Stored dataset items
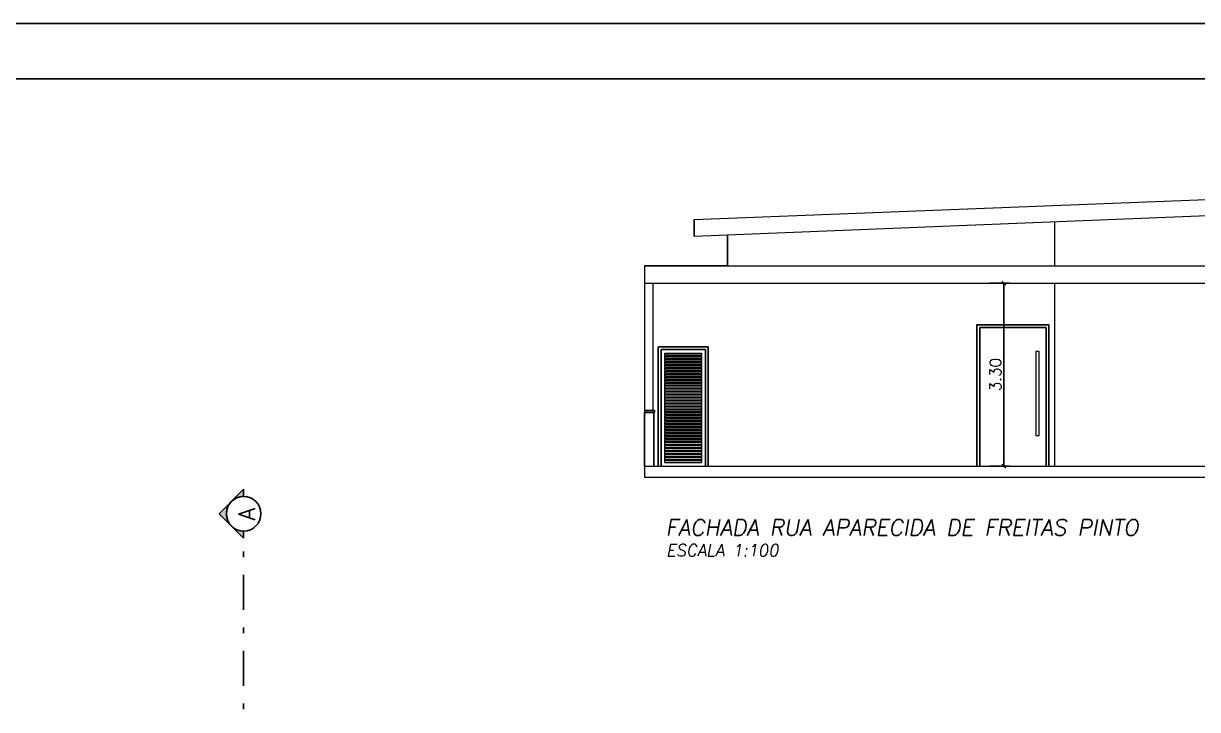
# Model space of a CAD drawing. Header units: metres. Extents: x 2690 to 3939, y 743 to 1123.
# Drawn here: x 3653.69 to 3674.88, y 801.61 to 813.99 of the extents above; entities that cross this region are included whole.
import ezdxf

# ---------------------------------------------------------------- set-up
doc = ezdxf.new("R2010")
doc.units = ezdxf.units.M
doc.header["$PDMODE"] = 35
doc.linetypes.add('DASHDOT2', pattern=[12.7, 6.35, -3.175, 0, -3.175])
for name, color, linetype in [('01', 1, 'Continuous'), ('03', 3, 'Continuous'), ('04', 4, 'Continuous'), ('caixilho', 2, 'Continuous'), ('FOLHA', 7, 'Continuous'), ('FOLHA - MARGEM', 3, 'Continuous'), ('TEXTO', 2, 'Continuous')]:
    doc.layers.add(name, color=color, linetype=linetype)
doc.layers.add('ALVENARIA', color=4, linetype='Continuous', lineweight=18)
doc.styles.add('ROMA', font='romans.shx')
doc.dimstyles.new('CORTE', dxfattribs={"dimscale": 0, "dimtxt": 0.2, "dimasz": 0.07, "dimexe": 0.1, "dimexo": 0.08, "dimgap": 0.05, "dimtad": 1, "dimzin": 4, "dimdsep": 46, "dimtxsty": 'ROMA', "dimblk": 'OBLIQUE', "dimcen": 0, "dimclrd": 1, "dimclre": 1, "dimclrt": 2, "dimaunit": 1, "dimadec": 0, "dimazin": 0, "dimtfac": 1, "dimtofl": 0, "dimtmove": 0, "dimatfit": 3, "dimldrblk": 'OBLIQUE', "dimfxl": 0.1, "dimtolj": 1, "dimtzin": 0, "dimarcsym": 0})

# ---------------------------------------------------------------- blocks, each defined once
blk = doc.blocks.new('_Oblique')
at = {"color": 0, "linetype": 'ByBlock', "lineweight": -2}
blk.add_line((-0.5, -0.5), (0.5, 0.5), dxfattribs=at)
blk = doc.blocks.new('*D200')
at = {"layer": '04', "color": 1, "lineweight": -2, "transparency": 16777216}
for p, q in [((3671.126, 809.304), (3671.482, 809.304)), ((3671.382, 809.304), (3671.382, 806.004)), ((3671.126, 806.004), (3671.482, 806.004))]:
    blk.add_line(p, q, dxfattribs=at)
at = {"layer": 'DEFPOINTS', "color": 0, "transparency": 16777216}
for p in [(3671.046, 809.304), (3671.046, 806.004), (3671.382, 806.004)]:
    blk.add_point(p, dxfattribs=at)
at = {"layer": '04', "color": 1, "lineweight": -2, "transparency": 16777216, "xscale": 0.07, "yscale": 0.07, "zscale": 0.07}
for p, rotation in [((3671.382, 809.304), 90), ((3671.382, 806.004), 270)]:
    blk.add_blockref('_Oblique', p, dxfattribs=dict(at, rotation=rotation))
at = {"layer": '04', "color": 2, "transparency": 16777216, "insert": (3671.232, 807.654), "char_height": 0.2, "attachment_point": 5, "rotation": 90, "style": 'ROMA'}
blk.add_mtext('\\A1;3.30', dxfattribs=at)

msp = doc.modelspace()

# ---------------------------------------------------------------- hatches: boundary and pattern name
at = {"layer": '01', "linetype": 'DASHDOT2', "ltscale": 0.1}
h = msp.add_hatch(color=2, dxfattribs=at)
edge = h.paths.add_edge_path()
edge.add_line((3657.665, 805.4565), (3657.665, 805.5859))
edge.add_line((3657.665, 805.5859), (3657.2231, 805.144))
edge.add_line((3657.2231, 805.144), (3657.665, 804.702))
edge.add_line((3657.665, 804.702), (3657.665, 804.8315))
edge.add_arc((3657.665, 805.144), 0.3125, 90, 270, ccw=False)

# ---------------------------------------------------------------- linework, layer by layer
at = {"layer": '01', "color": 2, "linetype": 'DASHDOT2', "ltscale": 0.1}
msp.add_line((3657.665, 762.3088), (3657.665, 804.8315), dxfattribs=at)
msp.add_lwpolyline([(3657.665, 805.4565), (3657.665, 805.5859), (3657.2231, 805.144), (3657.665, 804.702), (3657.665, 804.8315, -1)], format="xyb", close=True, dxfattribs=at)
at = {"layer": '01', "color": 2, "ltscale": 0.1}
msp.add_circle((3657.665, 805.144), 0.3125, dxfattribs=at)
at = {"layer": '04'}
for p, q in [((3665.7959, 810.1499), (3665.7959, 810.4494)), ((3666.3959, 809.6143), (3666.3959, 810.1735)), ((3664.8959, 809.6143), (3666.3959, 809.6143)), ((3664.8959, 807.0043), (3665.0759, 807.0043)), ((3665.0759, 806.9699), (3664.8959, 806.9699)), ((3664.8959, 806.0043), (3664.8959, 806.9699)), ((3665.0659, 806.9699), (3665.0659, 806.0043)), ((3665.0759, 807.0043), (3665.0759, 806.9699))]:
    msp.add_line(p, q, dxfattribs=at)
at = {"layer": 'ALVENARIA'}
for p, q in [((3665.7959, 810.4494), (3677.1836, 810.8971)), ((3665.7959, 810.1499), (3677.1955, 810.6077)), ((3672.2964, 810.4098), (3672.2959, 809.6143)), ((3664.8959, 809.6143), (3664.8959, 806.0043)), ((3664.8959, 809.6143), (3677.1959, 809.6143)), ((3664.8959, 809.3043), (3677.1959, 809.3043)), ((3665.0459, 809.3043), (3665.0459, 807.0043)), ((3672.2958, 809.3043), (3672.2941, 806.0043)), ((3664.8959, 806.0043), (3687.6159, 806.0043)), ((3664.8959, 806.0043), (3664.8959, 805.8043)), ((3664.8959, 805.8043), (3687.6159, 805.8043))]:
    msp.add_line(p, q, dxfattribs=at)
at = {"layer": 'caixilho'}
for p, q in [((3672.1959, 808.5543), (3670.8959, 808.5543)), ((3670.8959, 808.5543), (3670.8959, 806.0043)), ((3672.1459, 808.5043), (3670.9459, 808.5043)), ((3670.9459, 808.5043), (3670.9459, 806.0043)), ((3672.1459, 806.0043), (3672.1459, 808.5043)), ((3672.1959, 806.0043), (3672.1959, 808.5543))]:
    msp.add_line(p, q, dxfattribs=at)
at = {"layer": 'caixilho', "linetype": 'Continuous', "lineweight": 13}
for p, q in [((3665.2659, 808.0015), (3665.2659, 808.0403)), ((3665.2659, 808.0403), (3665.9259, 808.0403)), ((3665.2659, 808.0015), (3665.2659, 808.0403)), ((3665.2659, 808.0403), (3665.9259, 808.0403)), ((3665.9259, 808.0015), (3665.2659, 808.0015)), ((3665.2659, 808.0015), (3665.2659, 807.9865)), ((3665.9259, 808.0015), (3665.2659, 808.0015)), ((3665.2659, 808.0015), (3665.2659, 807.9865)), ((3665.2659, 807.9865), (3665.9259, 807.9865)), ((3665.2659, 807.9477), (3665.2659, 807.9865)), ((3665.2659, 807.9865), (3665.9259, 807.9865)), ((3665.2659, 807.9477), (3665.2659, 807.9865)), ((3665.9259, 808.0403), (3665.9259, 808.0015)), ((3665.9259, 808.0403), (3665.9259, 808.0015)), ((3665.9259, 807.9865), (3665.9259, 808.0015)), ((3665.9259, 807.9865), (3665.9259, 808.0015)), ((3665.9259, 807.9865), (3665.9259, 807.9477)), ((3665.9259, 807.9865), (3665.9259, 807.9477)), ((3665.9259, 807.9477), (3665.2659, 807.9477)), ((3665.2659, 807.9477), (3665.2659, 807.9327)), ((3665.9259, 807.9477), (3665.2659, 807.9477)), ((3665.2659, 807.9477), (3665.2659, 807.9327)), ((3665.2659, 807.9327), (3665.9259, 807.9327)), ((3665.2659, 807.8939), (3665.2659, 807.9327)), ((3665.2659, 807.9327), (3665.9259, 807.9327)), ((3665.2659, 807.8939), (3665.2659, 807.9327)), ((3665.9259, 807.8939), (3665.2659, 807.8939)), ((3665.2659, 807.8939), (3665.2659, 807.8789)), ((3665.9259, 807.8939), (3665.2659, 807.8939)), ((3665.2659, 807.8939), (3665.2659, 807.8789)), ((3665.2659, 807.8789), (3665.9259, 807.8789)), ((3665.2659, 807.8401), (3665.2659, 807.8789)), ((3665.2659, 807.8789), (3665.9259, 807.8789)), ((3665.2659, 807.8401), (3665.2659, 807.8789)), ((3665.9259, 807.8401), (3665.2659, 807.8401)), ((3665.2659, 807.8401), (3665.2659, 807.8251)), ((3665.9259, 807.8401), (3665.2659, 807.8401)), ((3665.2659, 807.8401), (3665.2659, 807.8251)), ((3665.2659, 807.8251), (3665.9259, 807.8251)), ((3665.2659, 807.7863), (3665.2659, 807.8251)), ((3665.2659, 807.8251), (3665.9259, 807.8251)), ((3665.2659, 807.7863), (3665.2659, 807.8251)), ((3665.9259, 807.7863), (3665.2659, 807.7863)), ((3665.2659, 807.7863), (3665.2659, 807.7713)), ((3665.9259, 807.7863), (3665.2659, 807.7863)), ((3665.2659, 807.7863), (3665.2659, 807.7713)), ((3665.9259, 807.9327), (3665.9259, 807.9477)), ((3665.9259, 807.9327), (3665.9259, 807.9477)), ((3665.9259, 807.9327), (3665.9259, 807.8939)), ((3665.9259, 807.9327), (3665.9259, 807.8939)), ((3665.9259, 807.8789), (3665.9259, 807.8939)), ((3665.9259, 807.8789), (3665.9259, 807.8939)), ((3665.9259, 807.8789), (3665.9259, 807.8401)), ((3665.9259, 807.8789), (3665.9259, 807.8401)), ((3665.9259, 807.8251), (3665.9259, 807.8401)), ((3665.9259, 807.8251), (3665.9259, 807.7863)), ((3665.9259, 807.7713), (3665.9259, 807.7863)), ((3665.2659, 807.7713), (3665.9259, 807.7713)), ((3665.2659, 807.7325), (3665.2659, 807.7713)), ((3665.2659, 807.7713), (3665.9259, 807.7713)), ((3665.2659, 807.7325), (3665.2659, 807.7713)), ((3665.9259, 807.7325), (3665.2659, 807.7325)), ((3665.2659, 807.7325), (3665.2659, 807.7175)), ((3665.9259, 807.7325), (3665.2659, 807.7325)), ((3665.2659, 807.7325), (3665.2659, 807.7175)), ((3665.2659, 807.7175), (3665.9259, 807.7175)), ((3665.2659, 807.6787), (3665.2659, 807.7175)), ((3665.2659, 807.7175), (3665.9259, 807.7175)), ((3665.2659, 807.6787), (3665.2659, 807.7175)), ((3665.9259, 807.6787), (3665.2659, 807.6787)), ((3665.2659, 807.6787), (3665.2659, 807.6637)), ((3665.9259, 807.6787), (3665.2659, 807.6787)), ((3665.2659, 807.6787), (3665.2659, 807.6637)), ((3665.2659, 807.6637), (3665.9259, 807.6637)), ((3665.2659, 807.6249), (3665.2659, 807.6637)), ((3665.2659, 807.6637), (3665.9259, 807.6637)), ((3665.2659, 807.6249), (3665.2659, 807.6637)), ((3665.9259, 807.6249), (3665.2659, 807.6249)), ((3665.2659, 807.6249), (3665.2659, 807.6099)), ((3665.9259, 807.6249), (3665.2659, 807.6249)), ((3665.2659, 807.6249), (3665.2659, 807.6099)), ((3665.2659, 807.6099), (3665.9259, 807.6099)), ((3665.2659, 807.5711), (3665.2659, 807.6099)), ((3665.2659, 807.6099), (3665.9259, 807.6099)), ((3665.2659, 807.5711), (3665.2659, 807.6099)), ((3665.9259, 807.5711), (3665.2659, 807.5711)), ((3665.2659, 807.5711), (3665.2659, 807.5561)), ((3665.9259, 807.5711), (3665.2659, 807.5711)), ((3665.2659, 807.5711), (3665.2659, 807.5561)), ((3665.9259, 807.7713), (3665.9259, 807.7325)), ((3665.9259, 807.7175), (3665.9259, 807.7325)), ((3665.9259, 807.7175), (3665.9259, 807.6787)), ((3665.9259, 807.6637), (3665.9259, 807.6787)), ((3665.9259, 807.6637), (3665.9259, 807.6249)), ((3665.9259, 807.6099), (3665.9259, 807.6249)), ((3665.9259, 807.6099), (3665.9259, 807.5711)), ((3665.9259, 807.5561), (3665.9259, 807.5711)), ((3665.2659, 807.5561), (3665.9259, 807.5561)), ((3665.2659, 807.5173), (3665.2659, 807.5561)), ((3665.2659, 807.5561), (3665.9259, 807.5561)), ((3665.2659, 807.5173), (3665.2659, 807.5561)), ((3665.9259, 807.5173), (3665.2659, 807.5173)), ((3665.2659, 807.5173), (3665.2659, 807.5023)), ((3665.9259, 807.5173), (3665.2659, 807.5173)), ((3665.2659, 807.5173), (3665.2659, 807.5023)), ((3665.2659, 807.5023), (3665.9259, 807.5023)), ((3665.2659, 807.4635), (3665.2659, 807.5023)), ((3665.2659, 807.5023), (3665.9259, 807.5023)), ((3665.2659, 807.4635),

=== Problem description ===
Note every line above where the string "blocks" shows up, and copy those lines.

=== Response ===
# ---------------------------------------------------------------- blocks, each defined once
blk = doc.blocks.new('_Oblique')
blk = doc.blocks.new('*D200')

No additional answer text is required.